Records from a dataset:
•••
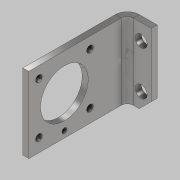
# Autodesk Inventor part: RR-PCSS-MSK
Saved by Autodesk Inventor 2021 (Build 250183000, 183)
## iProperties
Created: 2021-09-29
Part Number: RR-PCSS-MSK
Material: Stal nierdzewna
Document SubType Name: Konstrukcja blachowa
Designer: Marcin Sobczak
Density: 8 g/cm^3
Sheet Metal Rule: Domyślny_mm
Appearance: Częściowo polerowana
Flat Pattern Width: 3.8 cm
Flat Pattern Length: 6.22858 cm
Flat Pattern Area: 23.6686 cm^2
Sheet Metal Width: 38,000 mm
Sheet Metal Length: 62,286 mm
Sheet Metal Area: 2366,862 mm^2
Project: Ramie robotyczne
Description: Mocowanie silnika krokowego
Mass: 43.481 g
Surface Area: 47.0316 cm^2
Volume: 5.43512 cm^3
Author: marci
Autodesk Inventor part; units mm, degrees
ref_plane "YZ Plane" through (0, 0, 0) normal (1, 0, 0) x (0, 1, 0)
ref_plane "XZ Plane" through (0, 0, 0) normal (0, 1, 0) x (-1, 0, 0)
ref_plane "XY Plane" through (0, 0, 0) normal (0, 0, 1) x (1, 0, 0)
sketch "Szkic1" plane through (0, 0, 0) normal (1, 0, 0) x (0, 1, 0)
  line L0 (0, 0) -> (38, 0)
  line L1 (38, 0) -> (38, 52.5)
  line L2 (38, 52.5) -> (0, 52.5)
  line L3 (0, 52.5) -> (0, 0)
  circle A0 centre (19.5, 34.65) radius 12
  circle A1 centre (6.65, 47.5) radius 1.65
  circle A2 centre (32.35, 47.5) radius 1.65
  circle A3 centre (6.65, 21.8) radius 1.65
  circle A4 centre (32.35, 21.8) radius 1.65
  dimension "d0" = 38
  dimension "d1" = 52.5
  dimension "d2" = 24
  dimension "d3" = 17.85
  dimension "d5" = 3.3
  dimension "d6" = 3.3
  dimension "d7" = 3.3
  dimension "d8" = 3.3
  dimension "d9" = 25.7
  dimension "d10" = 25.7
  dimension "d11" = 25.7
  dimension "d12" = 25.7
  dimension "d13" = 5
  dimension "d14" = 5
  dimension "d15" = 12.85
  dimension "d16" = 12.85
  dimension "d38" = 18.5
  measures "d0" distance of L2.end L1.end
  measures "d1" distance of L1.end L0.end
  measures "d2" diameter of A0
  measures "d3" distance from line of L2 A0.centre
  measures "d5" diameter of A1
  measures "d6" diameter of A2
  measures "d7" diameter of A3
  measures "d8" diameter of A4
  measures "d9" distance of A4.centre A2.centre
  measures "d10" distance of A2.centre A1.centre
  measures "d11" distance of A3.centre A1.centre
  measures "d12" distance of A4.centre A3.centre
  measures "d13" distance from line of L2 A1.centre
  measures "d14" distance from line of L2 A2.centre
  measures "d15" horizontal distance of A0.centre A2.centre
  measures "d16" horizontal distance of A0.centre A4.centre
  measures "d38" distance from line of L1 A0.centre
extrude "Płyta1" add sketch "Szkic1" along normal blind 3
sketch "Szkic2" plane through (0, 38, 3) normal (0, 0, -1) x (-1, 0, 0)
  line L0 (0, -38) -> (0, 0)
  line L1 (0, 0) -> (-15, 0)
  line L2 (-15, 0) -> (-15, -38)
  line L3 (-15, -38) -> (0, -38)
  constraints: 6 end point, 1 horizontal, 1 perpendicular, 1 vertical
edge flange "Kołnierz1" height 15 angle 90 thickness 3 bend radius 3 thickness toward (0, 0, -1) relief straight relief width 3 relief depth 1.5 edges at (3, 19, 0) wall of the first edge with corners at (0, 0, 3) (0, 38, 3) (15, 38, 3) (15, 0, 3)
bend "Zagięcie1"
corner "Narożnik1"
sketch "Szkic3" plane through (15, 0, 3) normal (0, 0, 1) x (1, 0, 0)
  circle A0 centre (-5, 8) radius 3
  circle A1 centre (-5, 30) radius 3
  line L0 (-9, 38) -> (0, 38) projected
  line L1 (-9, 0) -> (0, 0) projected
  line L2 (0, 0) -> (0, 38) projected
  point P0 (-15, 0)
  dimension "d30" = 6
  dimension "d31" = 6
  dimension "d32" = 8
  dimension "d33" = 8
  dimension "d34" = 5
  dimension "d35" = 5
  constraints: 2 centre point
  measures "d30" diameter of A0
  measures "d31" diameter of A1
  measures "d32" distance from line of L0 A1.centre
  measures "d33" distance from line of L1 A0.centre
  measures "d34" distance from line of L2 A0.centre
  measures "d35" distance from line of L2 A1.centre
extrude "Wytnij1" cut sketch "Szkic3" against normal blind 3
chamfer "Fazowanie narożnika1" distance 6 angle 45 1 edges at (15, 0, 1.5)
sketch "Szkic4" plane through (3, 0, 0) normal (1, 0, 0) x (0, 0, -1)
  point P0 (-34.65, 3.2537)
hole "Otwór1" at (3, 3.2537, 34.65) direction (-1, 0, 0) diameter 2.459 depth 3.7451 tip angle 120 thread size "M3x0.5" class "6H" standard "ISO Metric profile"
equation "\"d36\" = Grubość"
equation "\"d19\" = Grubość"
equation "\"d20\" = SzerokośćGięciaPodcięcia"
equation "\"d21\" = GłębokośćGięciaPodcięcia"
equation "\"d22\" = MinimalnaPozostałość"
equation "\"d23\" = PromieńPrzejścia"
equation "\"d26\" = PromieńGięcia"
equation "\"d27\" = RozmiarPodcięciaNarożnika"
equation "\"d28\" = Wielk_odstępu"
equation "\"d29\" = Rozmiar_promienia_Jacobiego"
equation "\"PromieńGięcia\" = Grubość"
equation "\"SzerokośćGięciaPodcięcia\" = Grubość"
equation "\"GłębokośćGięciaPodcięcia\" = 0.5 * Grubość"
equation "\"RozmiarPodcięciaNarożnika\" = 4 * Grubość"
equation "\"MinimalnaPozostałość\" = 2 * Grubość"
equation "\"PromieńPrzejścia\" = PromieńGięcia"
equation "\"Rozmiar_promienia_Jacobiego\" = PromieńGięcia"
equation "\"Wielk_odstępu\" = Grubość"
equation "\"Grubość\" = 3"
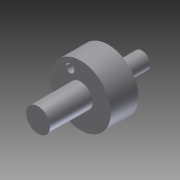
# Autodesk Inventor part: Post
Saved by Autodesk Inventor 2011 SP2 (Build 150309200, 309)
## iProperties
Created: 2013-02-08
Part Number: Post
Document SubType Name: Modeling
Designer: sungwook
Density: 1 g/cm^3
Author: sungwook
Autodesk Inventor part; units mm, degrees
ref_plane "YZ Plane" through (0, 0, 0) normal (1, 0, 0) x (0, 1, 0)
ref_plane "XZ Plane" through (0, 0, 0) normal (0, 1, 0) x (-1, 0, 0)
ref_plane "XY Plane" through (0, 0, 0) normal (0, 0, 1) x (1, 0, 0)
sketch "Sketch1" plane through (0, 0, 0) normal (0, 0, 1) x (1, 0, 0)
  circle A0 centre (0, 0) radius 2.159
  dimension "d0" = 4.318
  constraints: 1 centre point, 1 coincident
  measures "d0" diameter of A0
extrude "Extrusion1" add sketch "Sketch1" along normal blind 12.7
sketch "Sketch2" plane through (0, 0, 0) normal (0, 0, -1) x (-1, 0, 0)
  circle A0 centre (0, 0) radius 2.159 projected
  circle A1 centre (0, 0) radius 1.4986
  dimension "d3" = 2.9972
  constraints: 1 centre point, 1 coincident
  measures "d3" diameter of A1
extrude "Extrusion2" add sketch "Sketch2" along normal blind 6.096 contours A1
sketch "Sketch3" plane through (0, 0, 0) normal (0, 0, -1) x (-1, 0, 0)
  circle A0 centre (0, 0) radius 2.159 projected
  circle A1 centre (0, 0) radius 5.461
  dimension "d6" = 10.922
  constraints: 1 centre point, 1 coincident
  measures "d6" diameter of A1
extrude "Extrusion3" add sketch "Sketch3" against normal blind 5
sketch "Sketch4" plane through (0, 0, 5) normal (0, 0, 1) x (1, 0, 0)
  circle A0 centre (0, 0) radius 2.159 projected
  line L0 (-7.6454, 0) -> (7.6454, 0) projected
  point P0 (3.81, 0)
  point P1 (-1.905, 3.2996)
  point P2 (-1.905, -3.2996)
  dimension "d9" = 3.81
  dimension "d12" = 360
  constraints: 1 point on line, 4 other
  measures "d9" distance of A0.centre point (3.81, 0)
hole "Hole1" at (-1.905, 3.2996, 5) at (-1.905, -3.2996, 5) direction (0, 0, -1) diameter 1.524 end through all
body "Solid1"
•••
» **What the exercise asks**
Wherever the string "Sheet" is found in the entries, copy the line it sits in.

» **Written solution**
Sheet Metal Rule: Domyślny_mm
Sheet Metal Width: 38,000 mm
Sheet Metal Length: 62,286 mm
Sheet Metal Area: 2366,862 mm^2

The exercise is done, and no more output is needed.